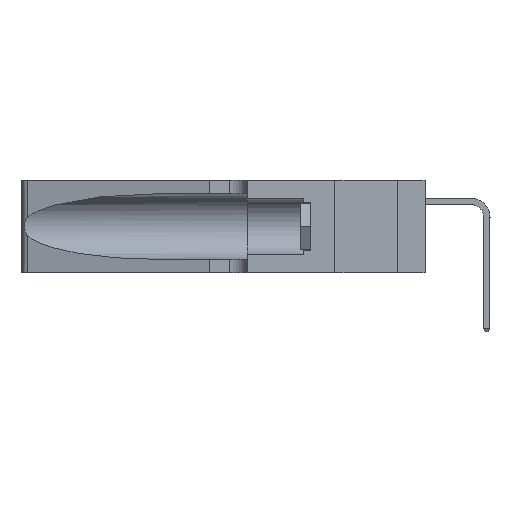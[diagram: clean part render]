
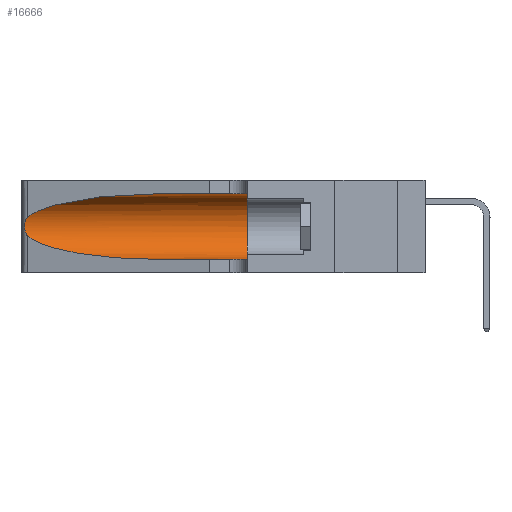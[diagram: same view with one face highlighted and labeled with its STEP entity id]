
A CAD part, left-side view. The second image highlights one B-rep face of the part: STEP entity #16666.
In plain terms, the highlighted cylindrical face has radius 3.308 mm (diameter 6.617 mm), a partial arc.
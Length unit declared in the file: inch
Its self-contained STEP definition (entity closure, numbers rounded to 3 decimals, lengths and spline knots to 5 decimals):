
#933 = CARTESIAN_POINT ( 'NONE',  ( 0.25487, 1.22718, 0.14631 ) ) ;
#1295 = CARTESIAN_POINT ( 'NONE',  ( 0.18966, 0.96281, 0.31525 ) ) ;
#1374 = CARTESIAN_POINT ( 'NONE',  ( 0.25787, 1.23484, 0.2124 ) ) ;
#1730 = ORIENTED_EDGE ( 'NONE', *, *, #29500, .T. ) ;
#2028 = AXIS2_PLACEMENT_3D ( 'NONE', #26384, #16395, #9056 ) ;
#2259 = B_SPLINE_CURVE_WITH_KNOTS ( 'NONE', 3,
 ( #11226, #21064, #16195, #1374, #18651, #3855, #21173, #6350, #23673, #8843, #26176, #11332, #28687, #13808 ),
 .UNSPECIFIED., .F., .F.,
 ( 4, 2, 2, 2, 2, 2, 4 ),
 ( 0., 0.00027, 0.00053, 0.00107, 0.0016, 0.00187, 0.00214 ),
 .UNSPECIFIED. ) ;
#2838 = CARTESIAN_POINT ( 'NONE',  ( 0.25487, 1.22718, 0.14631 ) ) ;
#2989 = ORIENTED_EDGE ( 'NONE', *, *, #29721, .T. ) ;
#3484 = CARTESIAN_POINT ( 'NONE',  ( 0.1305, 0.72297, 0.31525 ) ) ;
#3855 = CARTESIAN_POINT ( 'NONE',  ( 0.26018, 1.23835, 0.19895 ) ) ;
#4105 = AXIS2_PLACEMENT_3D ( 'NONE', #9954, #27286, #12426 ) ;
#6288 = CARTESIAN_POINT ( 'NONE',  ( 0.25487, 1.22718, 0.22369 ) ) ;
#6350 = CARTESIAN_POINT ( 'NONE',  ( 0.26075, 1.23896, 0.178 ) ) ;
#6567 = LINE ( 'NONE', #29093, #12350 ) ;
#6793 = EDGE_CURVE ( 'NONE', #25424, #10316, #22696, .T. ) ;
#7827 = CARTESIAN_POINT ( 'NONE',  ( 0.18966, 0.96281, 0.05475 ) ) ;
#8843 = CARTESIAN_POINT ( 'NONE',  ( 0.25856, 1.23593, 0.16098 ) ) ;
#9056 = DIRECTION ( 'NONE',  ( 0., 0., -1. ) ) ;
#9689 = EDGE_CURVE ( 'NONE', #24155, #25424, #28556, .T. ) ;
#9954 = CARTESIAN_POINT ( 'NONE',  ( 0.1305, 0.35, 0.185 ) ) ;
#10316 = VERTEX_POINT ( 'NONE', #16297 ) ;
#11226 = CARTESIAN_POINT ( 'NONE',  ( 0.25487, 1.22718, 0.22369 ) ) ;
#11332 = CARTESIAN_POINT ( 'NONE',  ( 0.25639, 1.23186, 0.15144 ) ) ;
#12350 = VECTOR ( 'NONE', #16702, 39.37008 ) ;
#12398 = CARTESIAN_POINT ( 'NONE',  ( 0.1305, 0.72297, 0.05475 ) ) ;
#12426 = DIRECTION ( 'NONE',  ( 0., 0., 1. ) ) ;
#13746 =( BOUNDED_CURVE ( )  B_SPLINE_CURVE ( 3, ( #31009, #1295, #21101, #6288 ),
 .UNSPECIFIED., .F., .F. ) 
 B_SPLINE_CURVE_WITH_KNOTS ( ( 4, 4 ),
 ( 1.5708, 2.84003 ),
 .UNSPECIFIED. ) 
 CURVE ( )  GEOMETRIC_REPRESENTATION_ITEM ( )  RATIONAL_B_SPLINE_CURVE ( ( 1., 0.87, 0.87, 1. ) ) 
 REPRESENTATION_ITEM ( '' )  );
#13808 = CARTESIAN_POINT ( 'NONE',  ( 0.25487, 1.22718, 0.14631 ) ) ;
#14023 = EDGE_LOOP ( 'NONE', ( #2989, #24327, #1730, #14546, #18869, #23243 ) ) ;
#14546 = ORIENTED_EDGE ( 'NONE', *, *, #23754, .T. ) ;
#16132 = VECTOR ( 'NONE', #16435, 39.37008 ) ;
#16195 = CARTESIAN_POINT ( 'NONE',  ( 0.25639, 1.23184, 0.21858 ) ) ;
#16297 = CARTESIAN_POINT ( 'NONE',  ( 0.1305, 0.35, 0.05475 ) ) ;
#16395 = DIRECTION ( 'NONE',  ( 0., -1., 0. ) ) ;
#16435 = DIRECTION ( 'NONE',  ( 0., -1., 0. ) ) ;
#16666 = ADVANCED_FACE ( 'NONE', ( #30766 ), #17542, .F. ) ;
#16702 = DIRECTION ( 'NONE',  ( 0., -1., 0. ) ) ;
#17542 = CYLINDRICAL_SURFACE ( 'NONE', #2028, 0.13025 ) ;
#18651 = CARTESIAN_POINT ( 'NONE',  ( 0.25854, 1.2359, 0.20912 ) ) ;
#18869 = ORIENTED_EDGE ( 'NONE', *, *, #6793, .F. ) ;
#19483 =( BOUNDED_CURVE ( )  B_SPLINE_CURVE ( 3, ( #2838, #30055, #7827, #25140 ),
 .UNSPECIFIED., .F., .F. ) 
 B_SPLINE_CURVE_WITH_KNOTS ( ( 4, 4 ),
 ( 3.44316, 4.71239 ),
 .UNSPECIFIED. ) 
 CURVE ( )  GEOMETRIC_REPRESENTATION_ITEM ( )  RATIONAL_B_SPLINE_CURVE ( ( 1., 0.87, 0.87, 1. ) ) 
 REPRESENTATION_ITEM ( '' )  );
#20095 = VERTEX_POINT ( 'NONE', #933 ) ;
#21064 = CARTESIAN_POINT ( 'NONE',  ( 0.25555, 1.22994, 0.2215 ) ) ;
#21101 = CARTESIAN_POINT ( 'NONE',  ( 0.2373, 1.15595, 0.28018 ) ) ;
#21173 = CARTESIAN_POINT ( 'NONE',  ( 0.26075, 1.23896, 0.19203 ) ) ;
#21852 = VERTEX_POINT ( 'NONE', #12398 ) ;
#22696 = CIRCLE ( 'NONE', #4105, 0.13025 ) ;
#23243 = ORIENTED_EDGE ( 'NONE', *, *, #9689, .F. ) ;
#23673 = CARTESIAN_POINT ( 'NONE',  ( 0.26017, 1.23833, 0.17102 ) ) ;
#23754 = EDGE_CURVE ( 'NONE', #21852, #10316, #6567, .T. ) ;
#24155 = VERTEX_POINT ( 'NONE', #3484 ) ;
#24327 = ORIENTED_EDGE ( 'NONE', *, *, #30449, .T. ) ;
#25140 = CARTESIAN_POINT ( 'NONE',  ( 0.1305, 0.72297, 0.05475 ) ) ;
#25424 = VERTEX_POINT ( 'NONE', #25598 ) ;
#25598 = CARTESIAN_POINT ( 'NONE',  ( 0.1305, 0.35, 0.31525 ) ) ;
#26142 = CARTESIAN_POINT ( 'NONE',  ( 0.25487, 1.22718, 0.22369 ) ) ;
#26176 = CARTESIAN_POINT ( 'NONE',  ( 0.25789, 1.23486, 0.15765 ) ) ;
#26384 = CARTESIAN_POINT ( 'NONE',  ( 0.1305, 1.61858, 0.185 ) ) ;
#27286 = DIRECTION ( 'NONE',  ( 0., 1., 0. ) ) ;
#28556 = LINE ( 'NONE', #31320, #16132 ) ;
#28687 = CARTESIAN_POINT ( 'NONE',  ( 0.25555, 1.22993, 0.14849 ) ) ;
#29093 = CARTESIAN_POINT ( 'NONE',  ( 0.1305, 1.61858, 0.05475 ) ) ;
#29146 = VERTEX_POINT ( 'NONE', #26142 ) ;
#29500 = EDGE_CURVE ( 'NONE', #20095, #21852, #19483, .T. ) ;
#29721 = EDGE_CURVE ( 'NONE', #24155, #29146, #13746, .T. ) ;
#30055 = CARTESIAN_POINT ( 'NONE',  ( 0.2373, 1.15595, 0.08982 ) ) ;
#30449 = EDGE_CURVE ( 'NONE', #29146, #20095, #2259, .T. ) ;
#30766 = FACE_OUTER_BOUND ( 'NONE', #14023, .T. ) ;
#31009 = CARTESIAN_POINT ( 'NONE',  ( 0.1305, 0.72297, 0.31525 ) ) ;
#31320 = CARTESIAN_POINT ( 'NONE',  ( 0.1305, 1.61858, 0.31525 ) ) ;

• **What the exercise asks**:
For this exercise, repeat exactly the lines of the data above from the one with "#11226 = CARTESIAN_POINT" down to the one with "#12398 = CARTESIAN_POINT", both end lines included.

• **Completed exercise**:
#11226 = CARTESIAN_POINT ( 'NONE',  ( 0.25487, 1.22718, 0.22369 ) ) ;
#11332 = CARTESIAN_POINT ( 'NONE',  ( 0.25639, 1.23186, 0.15144 ) ) ;
#12350 = VECTOR ( 'NONE', #16702, 39.37008 ) ;
#12398 = CARTESIAN_POINT ( 'NONE',  ( 0.1305, 0.72297, 0.05475 ) ) ;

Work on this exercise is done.